▸ Input for this task
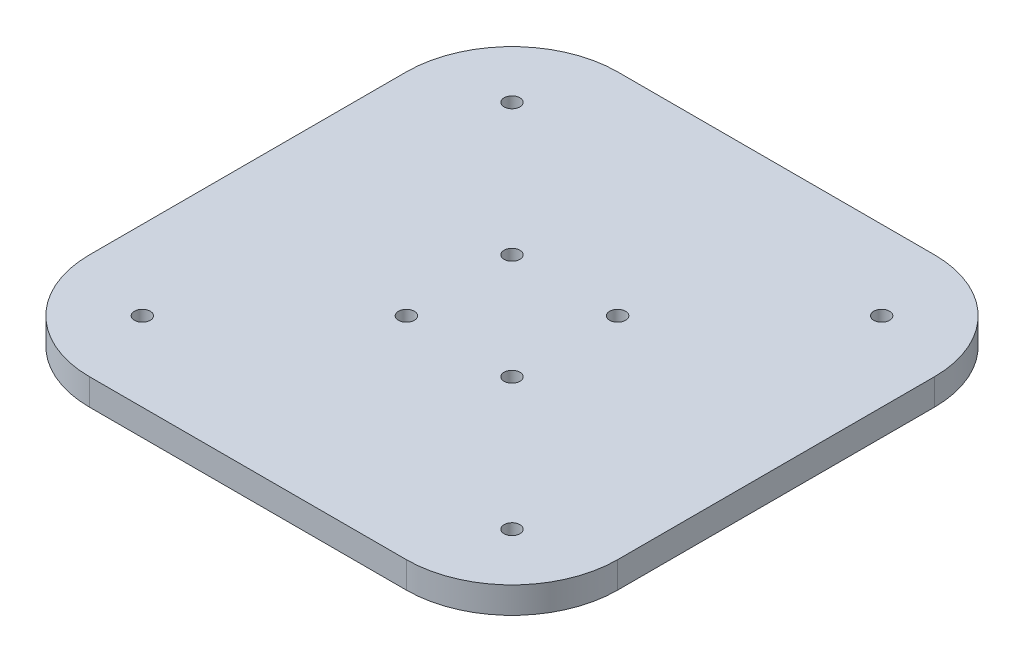
ISO-10303-21;
HEADER;
FILE_DESCRIPTION(('STEP AP214'),'2;1');
FILE_NAME('part.step','',(''),(''),'','','');
FILE_SCHEMA(('AUTOMOTIVE_DESIGN { 1 0 10303 214 1 1 1 1 }'));
ENDSEC;
DATA;
#1=APPLICATION_CONTEXT('core data for automotive mechanical design processes');
#2=APPLICATION_PROTOCOL_DEFINITION('international standard','automotive_design',2000,#1);
#3=PRODUCT_CONTEXT('',#1,'mechanical');
#4=PRODUCT('Part','Part','',(#3));
#5=PRODUCT_RELATED_PRODUCT_CATEGORY('part','',(#4));
#6=PRODUCT_DEFINITION_FORMATION('','',#4);
#7=PRODUCT_DEFINITION_CONTEXT('part definition',#1,'design');
#8=PRODUCT_DEFINITION('design','',#6,#7);
#9=PRODUCT_DEFINITION_SHAPE('','',#8);
#10=(LENGTH_UNIT() NAMED_UNIT(*) SI_UNIT(.MILLI.,.METRE.));
#11=(NAMED_UNIT(*) PLANE_ANGLE_UNIT() SI_UNIT($,.RADIAN.));
#12=(NAMED_UNIT(*) SI_UNIT($,.STERADIAN.) SOLID_ANGLE_UNIT());
#13=UNCERTAINTY_MEASURE_WITH_UNIT(LENGTH_MEASURE(1.E-05),#10,'distance_accuracy_value','');
#14=(GEOMETRIC_REPRESENTATION_CONTEXT(3) GLOBAL_UNCERTAINTY_ASSIGNED_CONTEXT((#13)) GLOBAL_UNIT_ASSIGNED_CONTEXT((#10,
#11,#12)) REPRESENTATION_CONTEXT('',''));
#15=CARTESIAN_POINT('',(0.,0.,0.));
#16=DIRECTION('',(0.,0.,1.));
#17=DIRECTION('',(1.,0.,0.));
#18=AXIS2_PLACEMENT_3D('',#15,#16,#17);
#19=CARTESIAN_POINT('',(0.,5.,0.));
#20=DIRECTION('',(0.,1.,0.));
#21=DIRECTION('',(0.,0.,1.));
#22=AXIS2_PLACEMENT_3D('',#19,#20,#21);
#23=PLANE('',#22);
#24=CARTESIAN_POINT('',(35.000000000005,5.,34.9999999999964));
#25=DIRECTION('',(0.,1.,0.));
#26=DIRECTION('',(0.,0.,1.));
#27=AXIS2_PLACEMENT_3D('',#24,#25,#26);
#28=CIRCLE('',#27,1.50000000000613);
#29=CARTESIAN_POINT('',(35.000000000005,5.,36.5000000000025));
#30=VERTEX_POINT('',#29);
#31=EDGE_CURVE('E216',#30,#30,#28,.T.);
#32=ORIENTED_EDGE('',*,*,#31,.F.);
#33=EDGE_LOOP('',(#32));
#34=FACE_BOUND('',#33,.T.);
#35=CARTESIAN_POINT('',(-10.,5.,10.));
#36=DIRECTION('',(0.,1.,0.));
#37=DIRECTION('',(0.,0.,-1.));
#38=AXIS2_PLACEMENT_3D('',#35,#36,#37);
#39=CIRCLE('',#38,1.5);
#40=CARTESIAN_POINT('',(-10.,5.,8.5));
#41=VERTEX_POINT('',#40);
#42=EDGE_CURVE('E204',#41,#41,#39,.T.);
#43=ORIENTED_EDGE('',*,*,#42,.F.);
#44=EDGE_LOOP('',(#43));
#45=FACE_BOUND('',#44,.T.);
#46=CARTESIAN_POINT('',(10.,5.,-10.));
#47=DIRECTION('',(0.,1.,0.));
#48=DIRECTION('',(0.,0.,-1.));
#49=AXIS2_PLACEMENT_3D('',#46,#47,#48);
#50=CIRCLE('',#49,1.5);
#51=CARTESIAN_POINT('',(10.,5.,-11.5));
#52=VERTEX_POINT('',#51);
#53=EDGE_CURVE('E192',#52,#52,#50,.T.);
#54=ORIENTED_EDGE('',*,*,#53,.F.);
#55=EDGE_LOOP('',(#54));
#56=FACE_BOUND('',#55,.T.);
#57=CARTESIAN_POINT('',(-35.,5.,-35.));
#58=DIRECTION('',(0.,1.,0.));
#59=DIRECTION('',(0.,0.,1.));
#60=AXIS2_PLACEMENT_3D('',#57,#58,#59);
#61=CIRCLE('',#60,1.5);
#62=CARTESIAN_POINT('',(-35.,5.,-33.5));
#63=VERTEX_POINT('',#62);
#64=EDGE_CURVE('E138',#63,#63,#61,.T.);
#65=ORIENTED_EDGE('',*,*,#64,.F.);
#66=EDGE_LOOP('',(#65));
#67=FACE_BOUND('',#66,.T.);
#68=DIRECTION('',(0.,0.,1.));
#69=VECTOR('',#68,1.);
#70=CARTESIAN_POINT('',(-50.,5.,50.));
#71=LINE('',#70,#69);
#72=CARTESIAN_POINT('',(-50.,5.,-30.));
#73=VERTEX_POINT('',#72);
#74=CARTESIAN_POINT('',(-50.,5.,30.));
#75=VERTEX_POINT('',#74);
#76=EDGE_CURVE('E143',#73,#75,#71,.T.);
#77=ORIENTED_EDGE('',*,*,#76,.T.);
#78=CARTESIAN_POINT('',(-30.,5.,30.));
#79=DIRECTION('',(0.,1.,0.));
#80=DIRECTION('',(0.,0.,1.));
#81=AXIS2_PLACEMENT_3D('',#78,#79,#80);
#82=CIRCLE('',#81,20.);
#83=CARTESIAN_POINT('',(-30.,5.,50.));
#84=VERTEX_POINT('',#83);
#85=EDGE_CURVE('E158',#75,#84,#82,.T.);
#86=ORIENTED_EDGE('',*,*,#85,.T.);
#87=DIRECTION('',(1.,0.,0.));
#88=VECTOR('',#87,1.);
#89=CARTESIAN_POINT('',(50.,5.,50.));
#90=LINE('',#89,#88);
#91=CARTESIAN_POINT('',(30.,5.,50.));
#92=VERTEX_POINT('',#91);
#93=EDGE_CURVE('E125',#84,#92,#90,.T.);
#94=ORIENTED_EDGE('',*,*,#93,.T.);
#95=CARTESIAN_POINT('',(30.,5.,30.));
#96=DIRECTION('',(0.,1.,0.));
#97=DIRECTION('',(0.,0.,1.));
#98=AXIS2_PLACEMENT_3D('',#95,#96,#97);
#99=CIRCLE('',#98,20.);
#100=CARTESIAN_POINT('',(50.,5.,30.));
#101=VERTEX_POINT('',#100);
#102=EDGE_CURVE('E156',#92,#101,#99,.T.);
#103=ORIENTED_EDGE('',*,*,#102,.T.);
#104=DIRECTION('',(0.,0.,-1.));
#105=VECTOR('',#104,1.);
#106=CARTESIAN_POINT('',(50.,5.,50.));
#107=LINE('',#106,#105);
#108=CARTESIAN_POINT('',(50.,5.,-30.));
#109=VERTEX_POINT('',#108);
#110=EDGE_CURVE('E169',#101,#109,#107,.T.);
#111=ORIENTED_EDGE('',*,*,#110,.T.);
#112=CARTESIAN_POINT('',(30.,5.,-30.));
#113=DIRECTION('',(0.,1.,0.));
#114=DIRECTION('',(0.,0.,1.));
#115=AXIS2_PLACEMENT_3D('',#112,#113,#114);
#116=CIRCLE('',#115,20.);
#117=CARTESIAN_POINT('',(30.,5.,-50.));
#118=VERTEX_POINT('',#117);
#119=EDGE_CURVE('E60',#109,#118,#116,.T.);
#120=ORIENTED_EDGE('',*,*,#119,.T.);
#121=DIRECTION('',(-1.,0.,0.));
#122=VECTOR('',#121,1.);
#123=CARTESIAN_POINT('',(50.,5.,-50.));
#124=LINE('',#123,#122);
#125=CARTESIAN_POINT('',(-30.,5.,-50.));
#126=VERTEX_POINT('',#125);
#127=EDGE_CURVE('E144',#118,#126,#124,.T.);
#128=ORIENTED_EDGE('',*,*,#127,.T.);
#129=CARTESIAN_POINT('',(-30.,5.,-30.));
#130=DIRECTION('',(0.,1.,0.));
#131=DIRECTION('',(0.,0.,1.));
#132=AXIS2_PLACEMENT_3D('',#129,#130,#131);
#133=CIRCLE('',#132,20.);
#134=EDGE_CURVE('E153',#126,#73,#133,.T.);
#135=ORIENTED_EDGE('',*,*,#134,.T.);
#136=EDGE_LOOP('',(#77,#86,#94,#103,#111,#120,#128,#135));
#137=FACE_BOUND('',#136,.T.);
#138=CARTESIAN_POINT('',(-10.,5.,-10.));
#139=DIRECTION('',(0.,1.,0.));
#140=DIRECTION('',(0.,0.,1.));
#141=AXIS2_PLACEMENT_3D('',#138,#139,#140);
#142=CIRCLE('',#141,1.5);
#143=CARTESIAN_POINT('',(-10.,5.,-8.5));
#144=VERTEX_POINT('',#143);
#145=EDGE_CURVE('E186',#144,#144,#142,.T.);
#146=ORIENTED_EDGE('',*,*,#145,.F.);
#147=EDGE_LOOP('',(#146));
#148=FACE_BOUND('',#147,.T.);
#149=CARTESIAN_POINT('',(10.,5.,10.));
#150=DIRECTION('',(0.,1.,0.));
#151=DIRECTION('',(0.,0.,1.));
#152=AXIS2_PLACEMENT_3D('',#149,#150,#151);
#153=CIRCLE('',#152,1.5);
#154=CARTESIAN_POINT('',(10.,5.,11.5));
#155=VERTEX_POINT('',#154);
#156=EDGE_CURVE('E198',#155,#155,#153,.T.);
#157=ORIENTED_EDGE('',*,*,#156,.F.);
#158=EDGE_LOOP('',(#157));
#159=FACE_BOUND('',#158,.T.);
#160=CARTESIAN_POINT('',(35.0000000000007,5.,-35.0000000000043));
#161=DIRECTION('',(0.,1.,0.));
#162=DIRECTION('',(0.,0.,1.));
#163=AXIS2_PLACEMENT_3D('',#160,#161,#162);
#164=CIRCLE('',#163,1.50000000000408);
#165=CARTESIAN_POINT('',(35.0000000000007,5.,-33.5000000000002));
#166=VERTEX_POINT('',#165);
#167=EDGE_CURVE('E210',#166,#166,#164,.T.);
#168=ORIENTED_EDGE('',*,*,#167,.F.);
#169=EDGE_LOOP('',(#168));
#170=FACE_BOUND('',#169,.T.);
#171=CARTESIAN_POINT('',(-34.9999999999957,5.,35.0000000000007));
#172=DIRECTION('',(0.,1.,0.));
#173=DIRECTION('',(0.,0.,1.));
#174=AXIS2_PLACEMENT_3D('',#171,#172,#173);
#175=CIRCLE('',#174,1.50000000000235);
#176=CARTESIAN_POINT('',(-34.9999999999957,5.,36.500000000003));
#177=VERTEX_POINT('',#176);
#178=EDGE_CURVE('E222',#177,#177,#175,.T.);
#179=ORIENTED_EDGE('',*,*,#178,.F.);
#180=EDGE_LOOP('',(#179));
#181=FACE_BOUND('',#180,.T.);
#182=ADVANCED_FACE('F39',(#34,#45,#56,#67,#137,#148,#159,#170,#181),#23,.T.);
#183=CARTESIAN_POINT('',(0.,0.,0.));
#184=DIRECTION('',(0.,1.,0.));
#185=DIRECTION('',(0.,0.,1.));
#186=AXIS2_PLACEMENT_3D('',#183,#184,#185);
#187=PLANE('',#186);
#188=DIRECTION('',(1.,0.,0.));
#189=VECTOR('',#188,1.);
#190=CARTESIAN_POINT('',(50.,0.,50.));
#191=LINE('',#190,#189);
#192=CARTESIAN_POINT('',(-30.,0.,50.));
#193=VERTEX_POINT('',#192);
#194=CARTESIAN_POINT('',(30.,0.,50.));
#195=VERTEX_POINT('',#194);
#196=EDGE_CURVE('E122',#193,#195,#191,.T.);
#197=ORIENTED_EDGE('',*,*,#196,.F.);
#198=CARTESIAN_POINT('',(-30.,0.,30.));
#199=DIRECTION('',(0.,1.,0.));
#200=DIRECTION('',(0.,0.,1.));
#201=AXIS2_PLACEMENT_3D('',#198,#199,#200);
#202=CIRCLE('',#201,20.);
#203=CARTESIAN_POINT('',(-50.,0.,30.));
#204=VERTEX_POINT('',#203);
#205=EDGE_CURVE('E105',#193,#204,#202,.F.);
#206=ORIENTED_EDGE('',*,*,#205,.T.);
#207=DIRECTION('',(0.,0.,1.));
#208=VECTOR('',#207,1.);
#209=CARTESIAN_POINT('',(-50.,0.,50.));
#210=LINE('',#209,#208);
#211=CARTESIAN_POINT('',(-50.,0.,-30.));
#212=VERTEX_POINT('',#211);
#213=EDGE_CURVE('E133',#212,#204,#210,.T.);
#214=ORIENTED_EDGE('',*,*,#213,.F.);
#215=CARTESIAN_POINT('',(-30.,0.,-30.));
#216=DIRECTION('',(0.,1.,0.));
#217=DIRECTION('',(0.,0.,1.));
#218=AXIS2_PLACEMENT_3D('',#215,#216,#217);
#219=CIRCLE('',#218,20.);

▸ Action item
Of the lines above, extract only those from the line with "#124=LINE('',#123,#122);" to the line with "#140=DIRECTION('',(0.,0.,1.));", both included, exactly as written.

▸ Task result
#124=LINE('',#123,#122);
#125=CARTESIAN_POINT('',(-30.,5.,-50.));
#126=VERTEX_POINT('',#125);
#127=EDGE_CURVE('E144',#118,#126,#124,.T.);
#128=ORIENTED_EDGE('',*,*,#127,.T.);
#129=CARTESIAN_POINT('',(-30.,5.,-30.));
#130=DIRECTION('',(0.,1.,0.));
#131=DIRECTION('',(0.,0.,1.));
#132=AXIS2_PLACEMENT_3D('',#129,#130,#131);
#133=CIRCLE('',#132,20.);
#134=EDGE_CURVE('E153',#126,#73,#133,.T.);
#135=ORIENTED_EDGE('',*,*,#134,.T.);
#136=EDGE_LOOP('',(#77,#86,#94,#103,#111,#120,#128,#135));
#137=FACE_BOUND('',#136,.T.);
#138=CARTESIAN_POINT('',(-10.,5.,-10.));
#139=DIRECTION('',(0.,1.,0.));
#140=DIRECTION('',(0.,0.,1.));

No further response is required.